The researchers also concluded that other ways of delivering care to the uninsured, like providing them with community health centers, are not adequate substitutes for health insurance. Individuals need the access to hospitals and specialists that comes only with adequate insurance coverage, Dr. Woolhander said.

If I understand correctly, the way to get that number of 45,000 is to compare death rates of insured vs non-insured then multiply that difference by the number of people with no insurance. For example, say 10 people are insured and 10 people are not insured. The insured people have a 25% chance of dying this year and the uninsured have a 50% chance because they don't have proper treatment. If all 20 people were insured, the total deaths this year would be (20)*(0.25) = 5 deaths. With only 10 insured, the death rate is (10)*(0.25) + (10)*(0.50) = 7.5 deaths. I then say 2.5 people died simply because they didn't have insurance.

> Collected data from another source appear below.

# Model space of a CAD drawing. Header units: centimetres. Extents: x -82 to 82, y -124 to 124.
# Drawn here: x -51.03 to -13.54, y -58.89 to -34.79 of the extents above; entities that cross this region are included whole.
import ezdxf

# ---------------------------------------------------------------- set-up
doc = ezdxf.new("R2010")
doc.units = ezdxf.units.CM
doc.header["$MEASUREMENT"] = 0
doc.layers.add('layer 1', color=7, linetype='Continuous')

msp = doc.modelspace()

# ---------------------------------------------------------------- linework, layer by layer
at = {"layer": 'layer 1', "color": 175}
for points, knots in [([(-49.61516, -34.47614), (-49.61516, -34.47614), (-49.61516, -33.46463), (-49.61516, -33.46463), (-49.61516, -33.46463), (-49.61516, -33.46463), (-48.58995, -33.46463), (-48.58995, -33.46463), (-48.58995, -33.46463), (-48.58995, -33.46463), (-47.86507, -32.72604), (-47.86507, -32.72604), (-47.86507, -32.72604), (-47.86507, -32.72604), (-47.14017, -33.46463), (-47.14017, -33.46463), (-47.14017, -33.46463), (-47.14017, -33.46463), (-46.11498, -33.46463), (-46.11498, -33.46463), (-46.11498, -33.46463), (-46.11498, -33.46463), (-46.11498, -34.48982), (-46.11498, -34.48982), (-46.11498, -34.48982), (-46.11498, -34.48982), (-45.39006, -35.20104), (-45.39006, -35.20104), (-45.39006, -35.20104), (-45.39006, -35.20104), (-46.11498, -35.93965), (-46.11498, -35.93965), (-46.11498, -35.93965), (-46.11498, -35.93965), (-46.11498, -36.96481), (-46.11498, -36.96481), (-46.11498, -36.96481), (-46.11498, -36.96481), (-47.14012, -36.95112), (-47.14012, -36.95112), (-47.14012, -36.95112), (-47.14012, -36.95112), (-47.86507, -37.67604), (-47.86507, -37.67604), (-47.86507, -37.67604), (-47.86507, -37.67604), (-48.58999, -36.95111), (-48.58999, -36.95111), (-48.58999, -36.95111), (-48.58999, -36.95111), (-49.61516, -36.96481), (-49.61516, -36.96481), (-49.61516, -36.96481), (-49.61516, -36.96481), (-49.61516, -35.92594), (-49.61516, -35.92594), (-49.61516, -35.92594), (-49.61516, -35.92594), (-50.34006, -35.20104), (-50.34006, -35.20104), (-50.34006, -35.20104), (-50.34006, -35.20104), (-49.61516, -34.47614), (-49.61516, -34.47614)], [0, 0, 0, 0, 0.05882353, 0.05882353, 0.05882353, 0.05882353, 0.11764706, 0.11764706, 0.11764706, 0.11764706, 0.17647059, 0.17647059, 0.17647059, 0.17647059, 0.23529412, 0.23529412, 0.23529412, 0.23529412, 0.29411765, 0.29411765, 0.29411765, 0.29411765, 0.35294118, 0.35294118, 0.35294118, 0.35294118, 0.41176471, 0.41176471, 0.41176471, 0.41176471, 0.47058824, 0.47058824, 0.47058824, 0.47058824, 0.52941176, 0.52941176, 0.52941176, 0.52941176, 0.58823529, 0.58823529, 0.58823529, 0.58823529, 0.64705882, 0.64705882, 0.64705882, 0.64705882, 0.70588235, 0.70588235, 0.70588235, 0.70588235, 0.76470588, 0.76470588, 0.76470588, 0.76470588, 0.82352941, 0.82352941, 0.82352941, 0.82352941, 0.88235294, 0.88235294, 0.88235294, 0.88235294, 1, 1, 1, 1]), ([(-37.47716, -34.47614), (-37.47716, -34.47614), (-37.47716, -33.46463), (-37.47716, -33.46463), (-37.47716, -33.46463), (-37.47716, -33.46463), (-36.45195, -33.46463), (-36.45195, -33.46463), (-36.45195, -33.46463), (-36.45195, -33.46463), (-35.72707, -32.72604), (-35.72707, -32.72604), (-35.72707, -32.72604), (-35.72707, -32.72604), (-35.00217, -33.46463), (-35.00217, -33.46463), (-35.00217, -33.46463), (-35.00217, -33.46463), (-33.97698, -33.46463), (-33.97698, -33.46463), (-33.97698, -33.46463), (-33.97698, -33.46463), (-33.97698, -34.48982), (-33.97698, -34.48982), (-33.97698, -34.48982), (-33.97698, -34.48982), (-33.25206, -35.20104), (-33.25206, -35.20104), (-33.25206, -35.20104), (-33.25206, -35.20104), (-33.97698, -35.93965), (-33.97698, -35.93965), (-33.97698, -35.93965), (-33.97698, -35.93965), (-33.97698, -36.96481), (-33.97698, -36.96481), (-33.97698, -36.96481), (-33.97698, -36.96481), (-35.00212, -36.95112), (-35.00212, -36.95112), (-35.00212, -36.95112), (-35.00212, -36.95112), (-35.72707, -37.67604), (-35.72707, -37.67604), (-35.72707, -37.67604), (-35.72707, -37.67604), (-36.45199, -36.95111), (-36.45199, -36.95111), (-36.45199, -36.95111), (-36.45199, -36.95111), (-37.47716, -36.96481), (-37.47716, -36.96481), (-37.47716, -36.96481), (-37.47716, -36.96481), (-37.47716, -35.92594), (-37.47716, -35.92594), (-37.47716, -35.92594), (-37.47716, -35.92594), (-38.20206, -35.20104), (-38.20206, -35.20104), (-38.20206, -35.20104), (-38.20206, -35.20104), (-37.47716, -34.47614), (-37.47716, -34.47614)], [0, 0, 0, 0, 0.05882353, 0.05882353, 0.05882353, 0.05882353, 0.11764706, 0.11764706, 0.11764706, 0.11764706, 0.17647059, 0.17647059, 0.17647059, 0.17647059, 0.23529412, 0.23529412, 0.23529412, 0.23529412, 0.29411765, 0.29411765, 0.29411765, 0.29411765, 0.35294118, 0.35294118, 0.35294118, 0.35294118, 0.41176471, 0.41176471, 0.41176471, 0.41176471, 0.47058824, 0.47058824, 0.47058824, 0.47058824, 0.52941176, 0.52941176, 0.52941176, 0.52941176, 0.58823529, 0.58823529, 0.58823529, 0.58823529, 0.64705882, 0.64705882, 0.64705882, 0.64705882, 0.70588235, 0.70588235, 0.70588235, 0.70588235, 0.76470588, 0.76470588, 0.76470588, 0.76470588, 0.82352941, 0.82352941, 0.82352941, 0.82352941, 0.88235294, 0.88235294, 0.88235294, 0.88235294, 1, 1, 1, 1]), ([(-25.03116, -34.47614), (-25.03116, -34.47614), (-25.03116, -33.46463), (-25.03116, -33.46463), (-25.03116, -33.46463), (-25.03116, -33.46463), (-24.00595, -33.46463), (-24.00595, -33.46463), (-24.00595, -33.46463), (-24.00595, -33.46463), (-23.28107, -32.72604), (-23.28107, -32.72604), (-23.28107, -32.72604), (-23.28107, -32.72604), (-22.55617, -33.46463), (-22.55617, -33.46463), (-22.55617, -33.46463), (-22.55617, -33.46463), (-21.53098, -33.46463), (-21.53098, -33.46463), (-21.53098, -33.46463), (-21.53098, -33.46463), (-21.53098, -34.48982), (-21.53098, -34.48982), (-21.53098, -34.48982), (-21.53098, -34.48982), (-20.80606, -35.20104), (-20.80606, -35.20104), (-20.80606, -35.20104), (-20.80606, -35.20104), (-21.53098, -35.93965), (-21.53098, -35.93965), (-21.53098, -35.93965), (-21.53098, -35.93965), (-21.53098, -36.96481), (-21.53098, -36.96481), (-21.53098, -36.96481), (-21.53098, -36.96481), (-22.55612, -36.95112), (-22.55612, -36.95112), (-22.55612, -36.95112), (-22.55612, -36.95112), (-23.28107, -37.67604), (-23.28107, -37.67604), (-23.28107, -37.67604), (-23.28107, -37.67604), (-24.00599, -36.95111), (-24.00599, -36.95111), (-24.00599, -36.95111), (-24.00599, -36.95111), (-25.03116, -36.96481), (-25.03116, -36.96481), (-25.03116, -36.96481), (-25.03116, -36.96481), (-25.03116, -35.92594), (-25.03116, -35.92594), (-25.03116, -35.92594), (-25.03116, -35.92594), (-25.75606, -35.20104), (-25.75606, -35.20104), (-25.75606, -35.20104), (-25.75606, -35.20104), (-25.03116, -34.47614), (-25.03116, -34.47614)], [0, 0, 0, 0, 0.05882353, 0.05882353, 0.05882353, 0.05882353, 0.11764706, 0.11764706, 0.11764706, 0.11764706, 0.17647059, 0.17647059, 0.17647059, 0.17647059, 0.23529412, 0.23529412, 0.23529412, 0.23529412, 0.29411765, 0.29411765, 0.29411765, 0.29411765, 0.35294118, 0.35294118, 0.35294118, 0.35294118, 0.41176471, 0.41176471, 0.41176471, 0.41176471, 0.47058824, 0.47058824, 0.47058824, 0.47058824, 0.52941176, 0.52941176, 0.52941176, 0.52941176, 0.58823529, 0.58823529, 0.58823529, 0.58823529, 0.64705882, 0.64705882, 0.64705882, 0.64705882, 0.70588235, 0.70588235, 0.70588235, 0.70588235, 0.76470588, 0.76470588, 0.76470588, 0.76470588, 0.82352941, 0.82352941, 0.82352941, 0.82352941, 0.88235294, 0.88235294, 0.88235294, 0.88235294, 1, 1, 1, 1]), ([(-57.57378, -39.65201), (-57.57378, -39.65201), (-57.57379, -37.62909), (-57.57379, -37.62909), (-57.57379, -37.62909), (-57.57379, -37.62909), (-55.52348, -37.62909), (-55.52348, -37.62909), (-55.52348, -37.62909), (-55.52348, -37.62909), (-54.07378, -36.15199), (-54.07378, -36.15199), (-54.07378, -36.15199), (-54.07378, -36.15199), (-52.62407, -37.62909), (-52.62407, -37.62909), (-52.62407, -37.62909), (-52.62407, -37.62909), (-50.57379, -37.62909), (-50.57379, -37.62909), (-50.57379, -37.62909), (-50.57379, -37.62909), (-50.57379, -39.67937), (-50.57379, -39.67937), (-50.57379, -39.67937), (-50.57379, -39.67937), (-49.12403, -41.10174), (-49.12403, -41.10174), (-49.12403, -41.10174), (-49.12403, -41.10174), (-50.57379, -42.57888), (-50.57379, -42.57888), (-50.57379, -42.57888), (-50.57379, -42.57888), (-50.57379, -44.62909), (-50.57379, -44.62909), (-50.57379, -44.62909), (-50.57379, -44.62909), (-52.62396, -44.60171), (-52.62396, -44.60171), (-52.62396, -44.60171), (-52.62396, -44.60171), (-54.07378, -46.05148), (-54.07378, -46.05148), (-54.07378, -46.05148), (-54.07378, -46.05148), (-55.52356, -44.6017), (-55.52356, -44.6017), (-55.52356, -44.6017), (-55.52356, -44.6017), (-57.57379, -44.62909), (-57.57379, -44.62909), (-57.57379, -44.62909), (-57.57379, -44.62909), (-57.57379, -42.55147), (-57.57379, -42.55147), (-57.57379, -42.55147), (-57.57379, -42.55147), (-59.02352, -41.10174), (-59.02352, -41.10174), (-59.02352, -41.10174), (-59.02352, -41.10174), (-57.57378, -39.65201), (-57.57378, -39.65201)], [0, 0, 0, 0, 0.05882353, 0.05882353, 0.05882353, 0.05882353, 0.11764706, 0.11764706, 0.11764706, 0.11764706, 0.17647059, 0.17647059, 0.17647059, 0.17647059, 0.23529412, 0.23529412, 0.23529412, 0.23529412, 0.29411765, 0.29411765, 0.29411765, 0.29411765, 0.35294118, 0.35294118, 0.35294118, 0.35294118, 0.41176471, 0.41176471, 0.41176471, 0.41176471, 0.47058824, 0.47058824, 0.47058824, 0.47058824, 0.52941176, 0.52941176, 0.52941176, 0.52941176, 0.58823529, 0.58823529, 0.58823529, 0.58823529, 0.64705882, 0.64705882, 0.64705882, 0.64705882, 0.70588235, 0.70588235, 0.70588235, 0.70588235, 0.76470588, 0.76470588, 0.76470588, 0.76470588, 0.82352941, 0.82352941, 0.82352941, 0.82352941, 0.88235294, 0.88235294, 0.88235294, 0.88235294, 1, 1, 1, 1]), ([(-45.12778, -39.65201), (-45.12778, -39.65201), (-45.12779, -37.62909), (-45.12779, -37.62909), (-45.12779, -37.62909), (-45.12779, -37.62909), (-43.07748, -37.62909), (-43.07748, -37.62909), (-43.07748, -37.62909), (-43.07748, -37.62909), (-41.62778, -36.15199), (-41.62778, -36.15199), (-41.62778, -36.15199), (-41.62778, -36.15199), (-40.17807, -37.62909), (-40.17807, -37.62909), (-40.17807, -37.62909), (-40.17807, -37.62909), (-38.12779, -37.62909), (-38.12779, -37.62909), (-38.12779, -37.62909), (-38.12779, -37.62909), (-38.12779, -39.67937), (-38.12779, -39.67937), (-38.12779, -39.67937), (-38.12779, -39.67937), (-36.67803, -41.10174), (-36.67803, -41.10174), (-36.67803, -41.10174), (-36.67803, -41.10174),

Think back to that episode of The Simpsons where Homer needs heart surgery. He can't afford what Dr Hibbert wants, so he faces the possibility of dying before the age of 30 (he got Marge pregnant some time around high school and Bart is 10 years old). If he had health insurance, he would get the heart surgery he needs then maybe live until he's 60 or 70. In the show he ended up getting discount surgery from an unlicensed doctor, but most real life people in this situation are not so lucky.
 

Hayabusa Rider

Admin Emeritus & Elite Member
Jan 26, 2000
50,879
4,268
126
I find that very hard to believe. Of the people I've known who had to have bypass surgery - and there have been a lot - none has waited longer than four days or so. The really bad cases have had the surgery the next day.


You can't really take what he says at face value. He believes that doctors owe allegiance to the state and that physicians who save lives in violation of government regs should be prosecuted.